Uma das maiores e mais difundidas redes de vigilância da China começou em um pequeno condado cerca de sete horas ao norte de Xangai.

Em 2013, o governo local no condado de Pingyi começou a instalar dezenas de milhares de câmeras de segurança em áreas urbanas e rurais - mais de 28,500 no total até 2016. Mesmo as menores aldeias tinham pelo menos seis câmeras de segurança instaladas, de acordo com a mídia estatal.

Essas câmeras não eram apenas monitoresed pela polícia e algoritmos automatizados de reconhecimento facial. Por meio de caixas de TV especiais instaladas em suas casas, os residentes locais podiam assistir a imagens de segurança ao vivo e pressionar um botão para chamar a polícia caso vissem algo errado. As filmagens de segurança também podem ser visualizadas em smartphones.

Em 2015, o governo chinês anunciou que um programa semelhante seria implementado em toda a China, com foco particular em cidades remotas e rurais. Foi chamado de “Projeto Xueliang” ou Sharp Eyes, uma referência a uma citação do ex-líder revolucionário da China comunista Mao Tsé-tung, que certa vez escreveu que “as pessoas têm olhos penetrantes” quando procuram vizinhos que não vivem de acordo com os valores comunistas.

Sharp Eyes é um dos vários projetos de vigilância tecnológica sobrepostos e cruzados construídos pelo governo chinês nas últimas duas décadas. Projetos como o Golden Shield Project, Safe Cities, SkyNet, Smart Cities e agora Sharp Eyes significam que existem mais de 200 milhões câmeras de segurança pública e privada instalado em toda a China.

A cada cinco anos, o governo chinês divulga um plano delineando o que pretende alcançar na próxima meia década. O plano quinquenal de 2016 da China estabeleceu uma meta para o Sharp Eyes alcançar 100% de cobertura dos espaços públicos da China em 2020. Embora os relatórios disponíveis publicamente não indiquem se o programa atingiu essa meta - eles sugerem que o país chegou muito perto.

O esquema de vigilância moderno da China começou em 2003, de acordo com Dahlia Peterson, analista de pesquisa do Centro de Segurança e Tecnologia Emergente da Universidade de Georgetown, com a criação do Projeto Escudo Dourado.

O Projeto Escudo Dourado, do Ministério da Segurança Pública (MPS), é, em parte, responsável pela rígida censura da internet no país. Mas o programa também incluiu vigilância física. O MPS criou bancos de dados que incluíram 96% dos cidadãos da China, com um intitulado National Basic Population Information Database. Esse banco de dados inclui informações de registro domiciliar, chamadas “hukou, ”Bem como informações sobre viagens anteriores e antecedentes criminais, de acordo com um Denunciar do Conselho de Imigração e Refugiados do Canadá.

Também foram criados bancos de dados da população local, de acordo com um papel publicado no Jornal americano de ciência política. Esses bancos de dados locais permitiam listas negras, o que impedia o uso de transporte público. A polícia seria despachada se alguém que estivesse na lista negra tentasse reservar uma passagem de ônibus, trem ou avião.

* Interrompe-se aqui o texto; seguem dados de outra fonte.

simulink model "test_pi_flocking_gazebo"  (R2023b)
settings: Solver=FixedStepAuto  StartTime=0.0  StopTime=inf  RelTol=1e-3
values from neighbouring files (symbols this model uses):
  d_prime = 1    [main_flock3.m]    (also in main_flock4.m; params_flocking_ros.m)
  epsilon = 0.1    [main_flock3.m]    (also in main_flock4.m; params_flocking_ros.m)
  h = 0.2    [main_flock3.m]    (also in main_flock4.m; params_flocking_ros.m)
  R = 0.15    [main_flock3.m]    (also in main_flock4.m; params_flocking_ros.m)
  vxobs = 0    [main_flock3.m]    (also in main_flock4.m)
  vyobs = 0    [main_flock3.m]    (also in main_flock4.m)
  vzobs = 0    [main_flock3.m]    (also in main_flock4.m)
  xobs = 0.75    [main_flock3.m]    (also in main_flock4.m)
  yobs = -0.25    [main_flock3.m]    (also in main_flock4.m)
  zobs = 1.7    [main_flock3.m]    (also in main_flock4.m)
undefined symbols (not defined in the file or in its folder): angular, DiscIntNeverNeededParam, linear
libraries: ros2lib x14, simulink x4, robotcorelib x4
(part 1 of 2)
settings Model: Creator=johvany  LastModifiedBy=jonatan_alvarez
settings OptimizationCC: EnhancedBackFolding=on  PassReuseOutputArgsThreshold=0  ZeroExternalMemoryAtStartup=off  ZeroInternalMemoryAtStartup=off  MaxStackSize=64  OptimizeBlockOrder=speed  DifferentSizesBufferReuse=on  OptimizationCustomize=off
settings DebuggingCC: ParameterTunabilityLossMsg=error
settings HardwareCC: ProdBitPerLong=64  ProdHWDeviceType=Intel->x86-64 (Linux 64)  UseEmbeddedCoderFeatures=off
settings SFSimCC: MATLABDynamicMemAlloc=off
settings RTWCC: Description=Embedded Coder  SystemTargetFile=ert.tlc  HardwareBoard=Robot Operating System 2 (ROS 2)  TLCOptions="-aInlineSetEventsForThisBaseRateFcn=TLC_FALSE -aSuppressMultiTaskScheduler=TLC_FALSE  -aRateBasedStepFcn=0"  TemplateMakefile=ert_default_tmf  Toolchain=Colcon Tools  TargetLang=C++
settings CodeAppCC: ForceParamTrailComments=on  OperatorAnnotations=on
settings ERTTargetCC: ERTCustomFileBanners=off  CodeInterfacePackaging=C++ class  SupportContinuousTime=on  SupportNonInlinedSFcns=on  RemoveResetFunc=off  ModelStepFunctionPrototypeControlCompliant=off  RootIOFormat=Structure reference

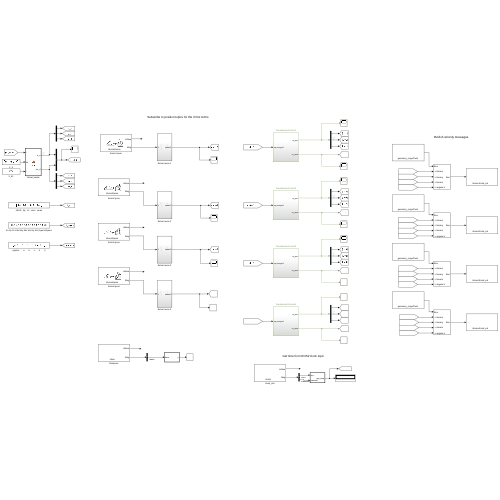
[thumbnail: Simulink's stored preview of the top-level diagram]
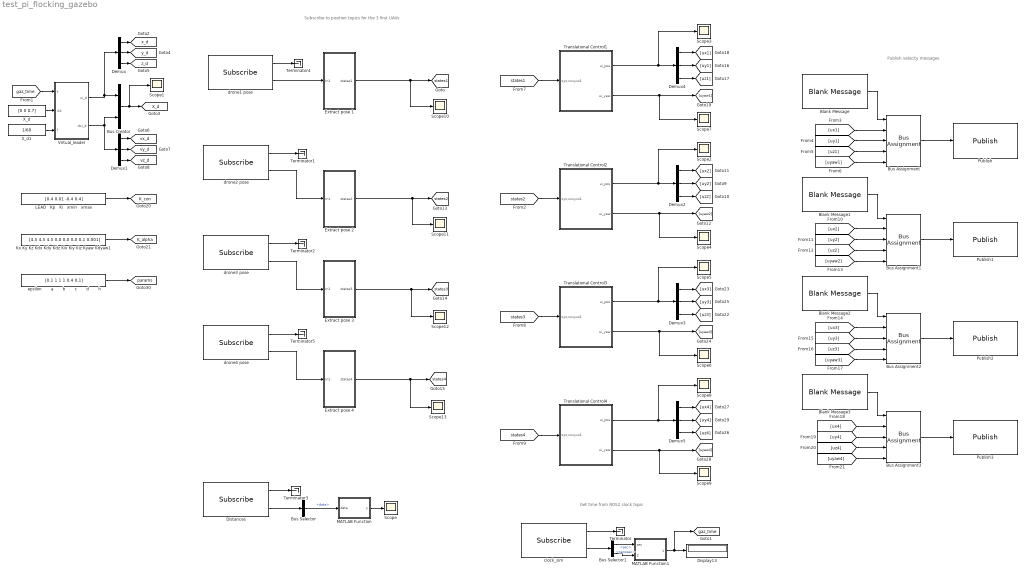
== system test_pi_flocking_gazebo ==
  note: Publish velocity messages
  note: Subscribe to position topics for the 3 first UAVs
  note: Get time from ROS2 clock topic
  Blank Message{,1..3} (4 alike) : ros2lib/Blank Message  messageClass=Message  entityType=geometry_msgs/Twist  messageType=geometry_msgs/Twist  SampleTime=inf
  Bus Assignment{,1..3} (4 alike) : BusAssignment  AssignedSignals=linear.x,linear.y,linear.z,angular.z
  Bus Creator : BusCreator  Inputs=2
  Bus Selector : BusSelector  OutputSignals=data
  Bus Selector1 : BusSelector  OutputSignals=clock.sec,clock.nanosec
  Demux{,1..5} (6 alike) : Demux  Outputs=3
  Display13 : Display
      settings: Decimation=4
  Distances : ros2lib/Subscribe  topicSource=Select from ROS network  topic=/dists  messageType=std_msgs/Float32MultiArray  sampleTime=-1  QOSHistory=Keep last  QOSDepth=1  QOSReliability=Reliable  QOSDurability=Volatile
  Extract pose 1 : Subsystem
  Extract pose 2 : Subsystem
  Extract pose 3 : Subsystem
  Extract pose 4 : Subsystem
  Kx Ky Kz Kdx Kdy Kdz Kix Kiy Kiz Kyaw Kdyaw1 : Constant  Value=[4.5 4.5 4.5 0.0 0.0 0.0 0.1 0.001]
  LEAD   Kp   Ki   xmin   xmax : Constant  Value=[0.4 0.01 -0.4 0.4]
  MATLAB Function : MATLAB Function  TreatAsAtomicUnit=on
  MATLAB Function1 : MATLAB Function  TreatAsAtomicUnit=on
  Publish : ros2lib/Publish  topicSource=Select from ROS network  topic=/drone1/cmd_vel  messageType=geometry_msgs/Twist  QOSHistory=Keep last  QOSDepth=1  QOSReliability=Reliable  QOSDurability=Volatile
  Publish1 : ros2lib/Publish  topicSource=Select from ROS network  topic=/drone2/cmd_vel  messageType=geometry_msgs/Twist  QOSHistory=Keep last  QOSDepth=1  QOSReliability=Reliable  QOSDurability=Volatile
  Publish2 : ros2lib/Publish  topicSource=Select from ROS network  topic=/drone3/cmd_vel  messageType=geometry_msgs/Twist  QOSHistory=Keep last  QOSDepth=1  QOSReliability=Reliable  QOSDurability=Volatile
  Publish3 : ros2lib/Publish  topicSource=Select from ROS network  topic=/drone4/cmd_vel  messageType=geometry_msgs/Twist  QOSHistory=Keep last  QOSDepth=1  QOSReliability=Reliable  QOSDurability=Volatile
  Scope{,1..13} (14 alike) : Scope
  Terminator{,1..5} (6 alike) : Terminator
  Translational Control1 : Subsystem
  Translational Control2 : Subsystem
  Translational Control3 : Subsystem
  Translational Control4 : Subsystem
  Virtual_leader : MATLAB Function  TreatAsAtomicUnit=on
  X_d : Constant  Value=[0 0 0.7]
  X_d1 : Constant  Value=1/60
  clock_sim : ros2lib/Subscribe  topicSource=Select from ROS network  topic=/clock  messageType=rosgraph_msgs/Clock  sampleTime=-1  QOSHistory=Keep last  QOSDepth=1  QOSReliability=Reliable  QOSDurability=Volatile
  drone1 pose : ros2lib/Subscribe  topicSource=Select from ROS network  topic=/drone1/pose  messageType=geometry_msgs/PoseStamped  sampleTime=-1  QOSHistory=Keep last  QOSDepth=1  QOSReliability=Reliable  QOSDurability=Volatile
  drone2 pose : ros2lib/Subscribe  topicSource=Select from ROS network  topic=/drone2/pose  messageType=geometry_msgs/PoseStamped  sampleTime=-1  QOSHistory=Keep last  QOSDepth=1  QOSReliability=Reliable  QOSDurability=Volatile
  drone3 pose : ros2lib/Subscribe  topicSource=Select from ROS network  topic=/drone3/pose  messageType=geometry_msgs/PoseStamped  sampleTime=-1  QOSHistory=Keep last  QOSDepth=1  QOSReliability=Reliable  QOSDurability=Volatile
  drone4 pose : ros2lib/Subscribe  topicSource=Select from ROS network  topic=/drone4/pose  messageType=geometry_msgs/PoseStamped  sampleTime=-1  QOSHistory=Keep last  QOSDepth=1  QOSReliability=Reliable  QOSDurability=Volatile
  epsilon       a       b       c       d       h : Constant  Value=[0.1 1 1 1 0.4 0.1]
  tag scope: K_alpha=global, K_con=global, X_d=global, gaz_time=global, params=global, states1=global, states2=global, states3=global, states4=global, vx_d=global, vy_d=global, vz_d=global, x_d=global, y_d=global, z_d=global
  wires:
  clock_sim/1 -> Terminator/1
  drone2 pose/2 -> Extract pose 2/1(In1)
  drone2 pose/1 -> Terminator1/1
  drone3 pose/2 -> Extract pose 3/1(In1)
  drone3 pose/1 -> Terminator2/1
  Blank Message/1 -> Bus Assignment/1
  Bus Assignment/1 -> Publish/1
  Blank Message1/1 -> Bus Assignment1/1
  Bus Assignment1/1 -> Publish1/1
  Blank Message2/1 -> Bus Assignment2/1
  Bus Assignment2/1 -> Publish2/1
  Blank Message3/1 -> Bus Assignment3/1
  Bus Assignment3/1 -> Publish3/1
  Distances/1 -> Terminator3/1
  Distances/2 -> Bus Selector/1
  Bus Selector/1 -> MATLAB Function/1(data)  "<data>"
  MATLAB Function/1(y) -> Scope/1
  clock_sim/2 -> Bus Selector1/1
  Bus Selector1/1 -> MATLAB Function1/1(sec)  "<sec>"
  Bus Selector1/2 -> MATLAB Function1/2(nanosec)  "<nanosec>"
  Demux1/1 -> [vx_d]
  Demux1/3 -> [vz_d]
  Demux/1 -> [x_d]
  Demux/2 -> [y_d]
  Virtual_leader/2(dxi_d) -> Bus Creator/2, Demux1/1
  Bus Creator/1 -> Scope1/1, [X_d]
  Demux1/2 -> [vy_d]
  [gaz_time] -> Virtual_leader/1(t)
  Demux/3 -> [z_d]
  Virtual_leader/1(xi_d) -> Bus Creator/1, Demux/1
  drone1 pose/1 -> Terminator4/1
  drone1 pose/2 -> Extract pose 1/1(In1)
  MATLAB Function1/1(gaz_time) -> [gaz_time], Display13/1
  Extract pose 1/1(states1) -> Scope10/1, [states1]
  [ux1] -> Bus Assignment/2
  [uy1] -> Bus Assignment/3
  [uz1] -> Bus Assignment/4
  [uyaw1] -> Bus Assignment/5
  X_d/1 -> Virtual_leader/2(Xd)
  Extract pose 2/1(states2) -> Scope11/1, [states2]
  Extract pose 3/1(states3) -> Scope12/1, [states3]
  drone4 pose/2 -> Extract pose 4/1(In1)
  drone4 pose/1 -> Terminator5/1
  Extract pose 4/1(states4) -> Scope13/1, [states4]
  [ux2] -> Bus Assignment1/2
  [uy2] -> Bus Assignment1/3
  [uz2] -> Bus Assignment1/4
  [uyaw2] -> Bus Assignment1/5
  [uy3] -> Bus Assignment2/3
  [uyaw3] -> Bus Assignment2/5
  [uz3] -> Bus Assignment2/4
  [ux3] -> Bus Assignment2/2
  [ux4] -> Bus Assignment3/2
  [uy4] -> Bus Assignment3/3
  [uz4] -> Bus Assignment3/4
  [uyaw4] -> Bus Assignment3/5
  Translational Control1/2(ui_yaw) -> [uyaw1], Scope7/1
  Demux4/2 -> [uy1]
  Demux4/3 -> [uz1]
  [states1] -> Translational Control1/1(xyz,vxvyvz1)
  Translational Control1/1(ui_pos) -> Scope3/1, Demux4/1
  Demux4/1 -> [ux1]
  LEAD   Kp   Ki   xmin   xmax/1 -> [K_con]
  Kx Ky Kz Kdx Kdy Kdz Kix Kiy Kiz Kyaw Kdyaw1/1 -> [K_alpha]
  Demux2/1 -> [ux2]
  Translational Control2/1(ui_pos) -> Demux2/1, Scope2/1
  [states2] -> Translational Control2/1(xyz,vxvyvz1)
  Demux2/3 -> [uz2]
  Demux2/2 -> [uy2]
  Translational Control2/2(ui_yaw) -> Scope4/1, [uyaw2]
  Translational Control3/2(ui_yaw) -> [uyaw3], Scope6/1
  Demux3/2 -> [uy3]
  Demux3/3 -> [uz3]
  [states3] -> Translational Control3/1(xyz,vxvyvz1)
  Translational Control3/1(ui_pos) -> Scope5/1, Demux3/1
  Demux3/1 -> [ux3]
  Demux5/1 -> [ux4]
  Translational Control4/1(ui_pos) -> Demux5/1, Scope8/1
  [states4] -> Translational Control4/1(xyz,vxvyvz1)
  Demux5/3 -> [uz4]
  Demux5/2 -> [uy4]
  Translational Control4/2(ui_yaw) -> Scope9/1, [uyaw4]
  epsilon       a       b       c       d       h/1 -> [params]
  X_d1/1 -> Virtual_leader/3(f)

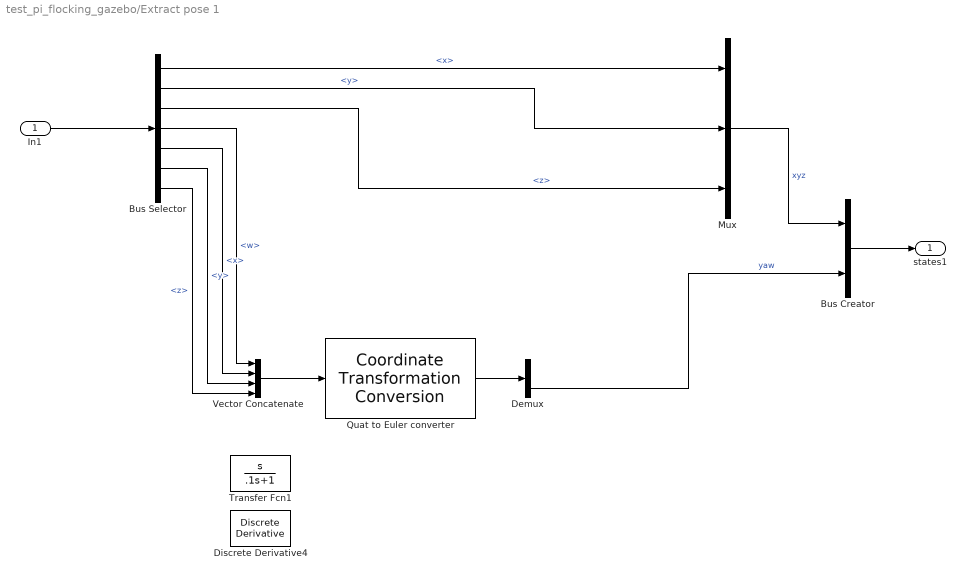
== system test_pi_flocking_gazebo/Extract pose 1 ==
  In1 : Inport
  Bus Creator : BusCreator  Inputs=2
  Bus Selector : BusSelector  OutputSignals=pose.position.x,pose.position.y,pose.position.z,pose.orientation.w,pose.orientation.x,pose.orientation.y,pose.orientation.z
  Demux : Demux  Outputs=3
  Discrete Derivative4 : simulink/Discrete/Discrete Derivative  gainval=1.0  ICPrevScaledInput=0.0  OutMin=[]  OutMax=[]  OutDataType=fixdt(1, 16)  OutScaling=2^-10  DoSatur=off
  Mux : Mux  Inputs=3
  Quat to Euler converter : robotcorelib/Coordinate Transformation Conversion  InputRepresentation=Quaternion  InputEulerSequence=ZYX  ShowTrVecInputPort=on  OutputRepresentation=Euler Angles  OutputEulerSequence=XYZ  ShowTrVecOutputPort=on  SimulateUsing=Interpreted execution
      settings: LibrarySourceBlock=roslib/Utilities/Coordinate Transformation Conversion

Após o Golden Shield, a China lançou dois outros projetos de vigilância focados na instalação de câmeras. Safe Cities, lançado em 2003, focado em avisos de desastres, gerenciamento de tráfego e segurança pública. SkyNet focou na instalação de câmeras conectadas a algoritmos de reconhecimento facial.

“A mídia estatal chinesa afirma que a Skynet pode escanear toda a população chinesa em um segundo com 99.8 por cento de precisão, mas essas afirmações ignoram as limitações técnicas gritantes”, escreveu Peterson.

Os observadores devem considerar esses números com cautela: informações precisas e atualizadas sobre as iniciativas de vigilância da China não estão facilmente disponíveis, e o que é conhecido publicamente é gerado principalmente por acadêmicos e jornalistas com algum acesso a funcionários do governo ou equipamentos de vigilância fabricantes. Também não está claro quais câmeras são visualizadas exclusivamente pelos governos de vilas, cidades e províncias, e quais fornecem os dados de volta ao governo central.

Assim como o Golden Shield, o programa SkyNet ainda existe hoje e se beneficia de 16 anos de pesquisa em IA, bem como do boom da indústria de tecnologia. De acordo com New York Times, Os dados da SkyNet são usados ​​em complexos de edifícios que usam reconhecimento facial para abrir portas de segurança. As fotos desses portões de segurança são então compartilhadas com a polícia local para construir um banco de dados da população local.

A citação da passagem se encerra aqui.